■ Problem requirements: Calculate how many lines of the data hold "électrique". The answer consists of that number only.

■ Recorded data:

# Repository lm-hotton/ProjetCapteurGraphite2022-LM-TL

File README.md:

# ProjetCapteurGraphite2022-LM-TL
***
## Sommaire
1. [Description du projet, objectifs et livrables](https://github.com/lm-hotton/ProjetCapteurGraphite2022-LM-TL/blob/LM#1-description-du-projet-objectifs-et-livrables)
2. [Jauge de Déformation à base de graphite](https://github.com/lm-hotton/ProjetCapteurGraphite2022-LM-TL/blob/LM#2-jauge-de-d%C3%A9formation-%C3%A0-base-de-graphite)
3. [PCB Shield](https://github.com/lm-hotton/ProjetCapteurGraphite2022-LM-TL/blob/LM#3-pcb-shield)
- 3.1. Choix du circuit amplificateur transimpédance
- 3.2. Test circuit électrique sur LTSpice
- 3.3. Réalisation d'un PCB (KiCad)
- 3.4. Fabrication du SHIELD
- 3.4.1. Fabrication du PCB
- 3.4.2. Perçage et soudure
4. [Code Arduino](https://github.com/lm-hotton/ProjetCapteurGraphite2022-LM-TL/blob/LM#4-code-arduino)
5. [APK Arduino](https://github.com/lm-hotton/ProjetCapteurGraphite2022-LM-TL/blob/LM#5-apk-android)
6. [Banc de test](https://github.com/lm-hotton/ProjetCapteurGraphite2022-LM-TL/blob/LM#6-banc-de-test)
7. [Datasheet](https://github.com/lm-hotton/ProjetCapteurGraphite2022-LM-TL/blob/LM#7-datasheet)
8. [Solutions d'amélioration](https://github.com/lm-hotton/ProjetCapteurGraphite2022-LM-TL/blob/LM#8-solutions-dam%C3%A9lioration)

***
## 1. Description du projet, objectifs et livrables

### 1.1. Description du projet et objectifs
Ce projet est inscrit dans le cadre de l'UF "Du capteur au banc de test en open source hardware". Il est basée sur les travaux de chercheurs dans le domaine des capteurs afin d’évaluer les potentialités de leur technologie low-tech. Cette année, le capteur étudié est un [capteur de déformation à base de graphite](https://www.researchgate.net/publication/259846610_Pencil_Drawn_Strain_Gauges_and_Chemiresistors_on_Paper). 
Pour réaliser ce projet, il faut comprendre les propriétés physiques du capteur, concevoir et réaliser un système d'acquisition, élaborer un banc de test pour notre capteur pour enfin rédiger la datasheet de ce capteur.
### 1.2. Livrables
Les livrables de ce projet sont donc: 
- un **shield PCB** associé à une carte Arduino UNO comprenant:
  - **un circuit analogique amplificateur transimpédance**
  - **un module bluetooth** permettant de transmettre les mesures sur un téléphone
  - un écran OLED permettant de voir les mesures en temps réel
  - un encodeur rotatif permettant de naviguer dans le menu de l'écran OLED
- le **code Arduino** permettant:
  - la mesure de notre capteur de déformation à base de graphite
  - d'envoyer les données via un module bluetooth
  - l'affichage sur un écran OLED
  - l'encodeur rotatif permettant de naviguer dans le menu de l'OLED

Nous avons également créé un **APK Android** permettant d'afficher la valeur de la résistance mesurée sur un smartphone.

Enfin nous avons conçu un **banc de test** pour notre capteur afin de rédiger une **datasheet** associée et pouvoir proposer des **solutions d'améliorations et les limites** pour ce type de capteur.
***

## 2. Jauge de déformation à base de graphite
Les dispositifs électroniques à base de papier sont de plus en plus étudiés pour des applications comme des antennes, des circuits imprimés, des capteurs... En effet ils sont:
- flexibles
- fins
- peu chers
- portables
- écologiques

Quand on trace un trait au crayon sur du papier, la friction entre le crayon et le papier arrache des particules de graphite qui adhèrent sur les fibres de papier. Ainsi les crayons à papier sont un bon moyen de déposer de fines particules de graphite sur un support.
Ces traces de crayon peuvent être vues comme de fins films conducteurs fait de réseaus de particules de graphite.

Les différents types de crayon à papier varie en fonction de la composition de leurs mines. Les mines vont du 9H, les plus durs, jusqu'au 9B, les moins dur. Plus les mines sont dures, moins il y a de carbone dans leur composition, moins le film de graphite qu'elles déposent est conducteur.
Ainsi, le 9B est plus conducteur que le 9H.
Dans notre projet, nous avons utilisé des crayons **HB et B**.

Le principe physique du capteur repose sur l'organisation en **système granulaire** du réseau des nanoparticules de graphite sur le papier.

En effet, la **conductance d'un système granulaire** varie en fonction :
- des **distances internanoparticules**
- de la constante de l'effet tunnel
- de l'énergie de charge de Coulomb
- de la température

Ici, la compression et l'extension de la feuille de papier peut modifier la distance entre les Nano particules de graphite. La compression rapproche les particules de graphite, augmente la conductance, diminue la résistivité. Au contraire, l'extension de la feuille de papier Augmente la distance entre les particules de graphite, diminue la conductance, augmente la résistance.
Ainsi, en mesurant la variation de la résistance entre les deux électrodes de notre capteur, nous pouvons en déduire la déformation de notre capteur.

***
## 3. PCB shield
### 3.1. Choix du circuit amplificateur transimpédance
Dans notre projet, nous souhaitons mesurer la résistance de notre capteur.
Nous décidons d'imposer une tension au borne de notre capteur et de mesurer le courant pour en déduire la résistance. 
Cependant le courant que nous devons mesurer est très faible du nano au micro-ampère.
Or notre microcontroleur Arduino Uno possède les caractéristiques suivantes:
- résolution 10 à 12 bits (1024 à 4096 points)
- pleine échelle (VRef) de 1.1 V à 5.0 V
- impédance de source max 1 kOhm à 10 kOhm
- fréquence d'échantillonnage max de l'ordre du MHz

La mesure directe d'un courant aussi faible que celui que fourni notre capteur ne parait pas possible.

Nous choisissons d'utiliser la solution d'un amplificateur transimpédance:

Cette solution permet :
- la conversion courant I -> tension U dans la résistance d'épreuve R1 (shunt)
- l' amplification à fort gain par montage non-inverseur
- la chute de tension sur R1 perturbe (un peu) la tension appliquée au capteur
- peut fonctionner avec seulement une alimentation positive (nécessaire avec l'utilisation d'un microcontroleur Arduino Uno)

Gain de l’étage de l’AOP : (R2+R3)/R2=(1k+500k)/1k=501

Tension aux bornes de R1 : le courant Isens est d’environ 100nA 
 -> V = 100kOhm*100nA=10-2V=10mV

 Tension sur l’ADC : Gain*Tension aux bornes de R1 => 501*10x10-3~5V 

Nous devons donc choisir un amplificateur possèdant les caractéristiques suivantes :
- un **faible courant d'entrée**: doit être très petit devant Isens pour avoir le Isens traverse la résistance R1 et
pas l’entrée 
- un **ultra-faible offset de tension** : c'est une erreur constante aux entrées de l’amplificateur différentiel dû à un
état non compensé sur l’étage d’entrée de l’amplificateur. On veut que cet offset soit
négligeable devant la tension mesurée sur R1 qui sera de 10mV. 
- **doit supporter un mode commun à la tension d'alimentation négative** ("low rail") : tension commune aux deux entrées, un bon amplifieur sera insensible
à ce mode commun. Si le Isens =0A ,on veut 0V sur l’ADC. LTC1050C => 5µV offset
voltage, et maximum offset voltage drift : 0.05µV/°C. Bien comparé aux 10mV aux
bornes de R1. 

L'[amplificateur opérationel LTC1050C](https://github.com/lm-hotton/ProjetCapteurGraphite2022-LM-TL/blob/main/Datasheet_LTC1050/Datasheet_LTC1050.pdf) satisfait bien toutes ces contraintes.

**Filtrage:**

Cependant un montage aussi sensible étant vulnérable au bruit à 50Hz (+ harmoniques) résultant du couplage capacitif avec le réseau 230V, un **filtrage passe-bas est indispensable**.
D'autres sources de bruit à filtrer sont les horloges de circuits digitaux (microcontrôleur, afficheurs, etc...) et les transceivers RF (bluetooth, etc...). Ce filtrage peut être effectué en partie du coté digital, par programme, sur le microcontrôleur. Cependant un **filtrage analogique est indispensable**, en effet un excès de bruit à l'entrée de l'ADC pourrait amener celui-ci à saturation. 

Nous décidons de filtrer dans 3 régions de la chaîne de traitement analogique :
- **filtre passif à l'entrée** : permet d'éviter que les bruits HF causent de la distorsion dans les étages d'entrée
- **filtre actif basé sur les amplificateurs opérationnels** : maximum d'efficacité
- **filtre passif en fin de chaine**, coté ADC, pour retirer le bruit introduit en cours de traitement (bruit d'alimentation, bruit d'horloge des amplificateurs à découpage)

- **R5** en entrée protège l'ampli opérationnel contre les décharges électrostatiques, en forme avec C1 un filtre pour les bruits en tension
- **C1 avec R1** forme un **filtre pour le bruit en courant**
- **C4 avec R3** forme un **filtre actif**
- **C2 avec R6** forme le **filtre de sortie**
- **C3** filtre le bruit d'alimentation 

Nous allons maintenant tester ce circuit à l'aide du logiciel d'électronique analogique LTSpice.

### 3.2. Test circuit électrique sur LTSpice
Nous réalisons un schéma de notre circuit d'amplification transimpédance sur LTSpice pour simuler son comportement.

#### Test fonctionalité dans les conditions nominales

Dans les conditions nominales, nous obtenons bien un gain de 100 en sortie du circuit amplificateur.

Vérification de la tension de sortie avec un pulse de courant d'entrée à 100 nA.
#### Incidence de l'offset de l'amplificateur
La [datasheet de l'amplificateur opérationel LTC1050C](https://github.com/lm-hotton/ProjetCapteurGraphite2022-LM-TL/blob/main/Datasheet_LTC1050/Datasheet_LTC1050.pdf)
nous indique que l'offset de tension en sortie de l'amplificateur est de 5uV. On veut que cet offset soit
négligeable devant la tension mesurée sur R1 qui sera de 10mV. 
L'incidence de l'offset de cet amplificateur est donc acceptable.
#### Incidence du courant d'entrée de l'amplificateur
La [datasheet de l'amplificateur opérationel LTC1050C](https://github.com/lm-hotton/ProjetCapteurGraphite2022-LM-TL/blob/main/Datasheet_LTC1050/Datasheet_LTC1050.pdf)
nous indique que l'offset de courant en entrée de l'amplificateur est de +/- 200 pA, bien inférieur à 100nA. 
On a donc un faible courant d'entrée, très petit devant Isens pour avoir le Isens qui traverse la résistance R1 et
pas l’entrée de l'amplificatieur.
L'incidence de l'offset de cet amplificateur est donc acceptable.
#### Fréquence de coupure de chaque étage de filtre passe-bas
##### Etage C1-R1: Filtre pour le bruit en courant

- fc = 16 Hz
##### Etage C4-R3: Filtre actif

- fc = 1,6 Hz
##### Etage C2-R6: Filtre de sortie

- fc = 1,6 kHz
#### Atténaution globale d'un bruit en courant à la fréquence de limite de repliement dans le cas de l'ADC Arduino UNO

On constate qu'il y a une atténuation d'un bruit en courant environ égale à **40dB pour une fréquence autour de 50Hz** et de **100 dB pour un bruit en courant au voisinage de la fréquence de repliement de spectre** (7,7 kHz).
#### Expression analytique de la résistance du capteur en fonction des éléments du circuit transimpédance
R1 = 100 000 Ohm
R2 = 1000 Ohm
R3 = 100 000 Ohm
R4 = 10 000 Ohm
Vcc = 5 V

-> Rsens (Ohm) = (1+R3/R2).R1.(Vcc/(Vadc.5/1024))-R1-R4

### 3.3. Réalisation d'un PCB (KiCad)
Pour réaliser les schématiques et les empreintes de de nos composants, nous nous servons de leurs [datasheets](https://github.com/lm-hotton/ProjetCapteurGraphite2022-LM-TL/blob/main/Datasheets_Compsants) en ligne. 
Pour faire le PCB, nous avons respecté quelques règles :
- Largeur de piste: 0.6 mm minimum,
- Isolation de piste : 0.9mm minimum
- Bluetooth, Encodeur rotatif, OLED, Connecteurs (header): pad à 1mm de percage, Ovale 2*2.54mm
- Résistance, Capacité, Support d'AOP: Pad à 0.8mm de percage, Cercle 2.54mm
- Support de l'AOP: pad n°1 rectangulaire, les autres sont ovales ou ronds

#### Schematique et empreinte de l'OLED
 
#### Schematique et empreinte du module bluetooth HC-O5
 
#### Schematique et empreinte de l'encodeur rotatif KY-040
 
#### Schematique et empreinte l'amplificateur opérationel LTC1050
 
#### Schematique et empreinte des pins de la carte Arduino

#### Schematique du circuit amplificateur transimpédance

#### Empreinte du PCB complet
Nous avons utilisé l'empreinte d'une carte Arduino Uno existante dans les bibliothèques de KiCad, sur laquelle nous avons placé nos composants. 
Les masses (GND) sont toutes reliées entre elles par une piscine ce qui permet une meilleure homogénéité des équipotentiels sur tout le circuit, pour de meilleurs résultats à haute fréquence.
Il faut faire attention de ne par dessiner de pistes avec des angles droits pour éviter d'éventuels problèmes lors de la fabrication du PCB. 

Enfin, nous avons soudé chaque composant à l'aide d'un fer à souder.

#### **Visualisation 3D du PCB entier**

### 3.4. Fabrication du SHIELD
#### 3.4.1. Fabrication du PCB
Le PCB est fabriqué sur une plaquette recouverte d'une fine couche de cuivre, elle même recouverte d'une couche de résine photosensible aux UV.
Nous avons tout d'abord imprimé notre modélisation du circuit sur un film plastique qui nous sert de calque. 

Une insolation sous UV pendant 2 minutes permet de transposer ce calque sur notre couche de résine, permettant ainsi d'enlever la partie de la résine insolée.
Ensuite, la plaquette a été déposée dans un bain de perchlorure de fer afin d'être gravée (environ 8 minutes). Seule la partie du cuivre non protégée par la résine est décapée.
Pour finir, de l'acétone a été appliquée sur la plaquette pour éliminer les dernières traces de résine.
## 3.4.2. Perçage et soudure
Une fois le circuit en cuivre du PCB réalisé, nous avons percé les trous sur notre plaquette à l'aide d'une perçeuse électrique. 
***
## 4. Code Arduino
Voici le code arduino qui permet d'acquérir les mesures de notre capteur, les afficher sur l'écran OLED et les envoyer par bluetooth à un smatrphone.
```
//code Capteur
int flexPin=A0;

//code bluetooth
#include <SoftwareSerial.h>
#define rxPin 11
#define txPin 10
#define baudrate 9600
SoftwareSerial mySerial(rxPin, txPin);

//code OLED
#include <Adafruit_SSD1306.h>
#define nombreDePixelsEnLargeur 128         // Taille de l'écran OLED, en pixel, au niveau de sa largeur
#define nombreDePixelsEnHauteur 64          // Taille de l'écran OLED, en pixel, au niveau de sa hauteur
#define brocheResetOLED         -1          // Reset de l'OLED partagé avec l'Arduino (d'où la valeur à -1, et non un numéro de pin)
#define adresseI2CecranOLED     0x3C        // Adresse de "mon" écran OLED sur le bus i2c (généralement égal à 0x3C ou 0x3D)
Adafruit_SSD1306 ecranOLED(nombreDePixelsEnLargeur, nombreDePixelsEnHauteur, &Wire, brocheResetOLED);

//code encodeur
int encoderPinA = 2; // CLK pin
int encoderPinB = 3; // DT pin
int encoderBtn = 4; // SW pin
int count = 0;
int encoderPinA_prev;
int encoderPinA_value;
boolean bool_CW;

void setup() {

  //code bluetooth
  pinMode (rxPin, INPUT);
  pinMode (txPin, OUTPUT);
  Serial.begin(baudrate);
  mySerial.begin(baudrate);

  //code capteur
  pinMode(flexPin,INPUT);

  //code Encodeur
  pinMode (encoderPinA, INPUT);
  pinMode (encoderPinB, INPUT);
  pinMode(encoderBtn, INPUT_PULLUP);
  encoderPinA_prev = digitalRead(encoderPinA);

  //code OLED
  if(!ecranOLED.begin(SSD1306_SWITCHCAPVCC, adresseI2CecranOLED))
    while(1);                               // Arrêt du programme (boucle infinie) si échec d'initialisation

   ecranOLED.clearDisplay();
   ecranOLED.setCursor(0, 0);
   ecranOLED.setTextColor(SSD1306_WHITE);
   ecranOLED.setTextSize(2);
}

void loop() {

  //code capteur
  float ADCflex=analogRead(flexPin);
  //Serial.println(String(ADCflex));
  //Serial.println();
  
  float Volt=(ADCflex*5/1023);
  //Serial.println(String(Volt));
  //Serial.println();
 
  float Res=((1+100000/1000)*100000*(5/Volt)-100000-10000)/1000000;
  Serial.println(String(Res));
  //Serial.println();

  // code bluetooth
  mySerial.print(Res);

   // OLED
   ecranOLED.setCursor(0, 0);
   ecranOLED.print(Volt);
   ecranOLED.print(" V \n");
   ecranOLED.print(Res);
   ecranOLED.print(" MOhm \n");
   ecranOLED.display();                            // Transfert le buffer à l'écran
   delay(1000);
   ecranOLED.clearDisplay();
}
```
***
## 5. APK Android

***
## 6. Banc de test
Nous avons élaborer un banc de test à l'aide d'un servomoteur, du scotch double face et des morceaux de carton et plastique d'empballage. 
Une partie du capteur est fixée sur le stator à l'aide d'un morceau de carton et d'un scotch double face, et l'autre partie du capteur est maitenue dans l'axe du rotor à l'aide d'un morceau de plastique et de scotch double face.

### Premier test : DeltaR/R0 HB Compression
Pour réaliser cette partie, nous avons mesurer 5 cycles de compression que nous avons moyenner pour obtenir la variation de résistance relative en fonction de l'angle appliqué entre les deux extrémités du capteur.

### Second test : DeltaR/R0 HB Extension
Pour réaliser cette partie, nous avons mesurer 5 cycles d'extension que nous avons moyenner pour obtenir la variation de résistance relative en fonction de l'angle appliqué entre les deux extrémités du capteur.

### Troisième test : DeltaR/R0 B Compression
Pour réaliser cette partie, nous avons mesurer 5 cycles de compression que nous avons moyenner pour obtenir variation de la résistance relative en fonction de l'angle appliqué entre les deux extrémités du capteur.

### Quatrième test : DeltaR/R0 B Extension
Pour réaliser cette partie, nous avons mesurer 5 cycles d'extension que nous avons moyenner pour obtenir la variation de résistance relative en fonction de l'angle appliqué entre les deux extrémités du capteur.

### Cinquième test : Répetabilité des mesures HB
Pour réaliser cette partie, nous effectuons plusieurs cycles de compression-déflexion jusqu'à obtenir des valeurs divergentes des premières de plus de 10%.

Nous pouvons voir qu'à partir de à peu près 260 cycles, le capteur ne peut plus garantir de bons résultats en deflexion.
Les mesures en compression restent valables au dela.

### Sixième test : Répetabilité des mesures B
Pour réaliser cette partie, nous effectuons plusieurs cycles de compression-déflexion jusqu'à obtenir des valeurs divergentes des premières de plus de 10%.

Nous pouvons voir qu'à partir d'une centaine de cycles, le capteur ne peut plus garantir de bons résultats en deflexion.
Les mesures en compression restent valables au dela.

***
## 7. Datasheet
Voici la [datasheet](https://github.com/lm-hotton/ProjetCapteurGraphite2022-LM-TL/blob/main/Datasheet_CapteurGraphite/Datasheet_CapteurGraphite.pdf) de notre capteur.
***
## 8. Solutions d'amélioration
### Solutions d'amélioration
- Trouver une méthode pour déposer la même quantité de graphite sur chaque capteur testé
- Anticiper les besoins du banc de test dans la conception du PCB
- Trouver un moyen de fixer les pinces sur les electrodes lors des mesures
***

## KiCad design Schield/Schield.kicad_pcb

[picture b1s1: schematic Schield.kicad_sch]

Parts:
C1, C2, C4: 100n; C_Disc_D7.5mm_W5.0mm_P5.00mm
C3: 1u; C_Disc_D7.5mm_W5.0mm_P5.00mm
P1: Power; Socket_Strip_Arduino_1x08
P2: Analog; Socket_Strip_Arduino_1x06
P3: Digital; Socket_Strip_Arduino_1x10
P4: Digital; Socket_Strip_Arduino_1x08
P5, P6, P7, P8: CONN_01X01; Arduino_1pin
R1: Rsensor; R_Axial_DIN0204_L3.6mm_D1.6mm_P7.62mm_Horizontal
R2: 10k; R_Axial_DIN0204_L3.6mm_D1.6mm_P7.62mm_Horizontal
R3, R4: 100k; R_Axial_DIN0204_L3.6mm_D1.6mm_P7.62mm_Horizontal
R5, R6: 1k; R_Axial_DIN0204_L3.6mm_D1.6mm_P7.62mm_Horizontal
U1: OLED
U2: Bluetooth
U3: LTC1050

■ Answer to the problem: 3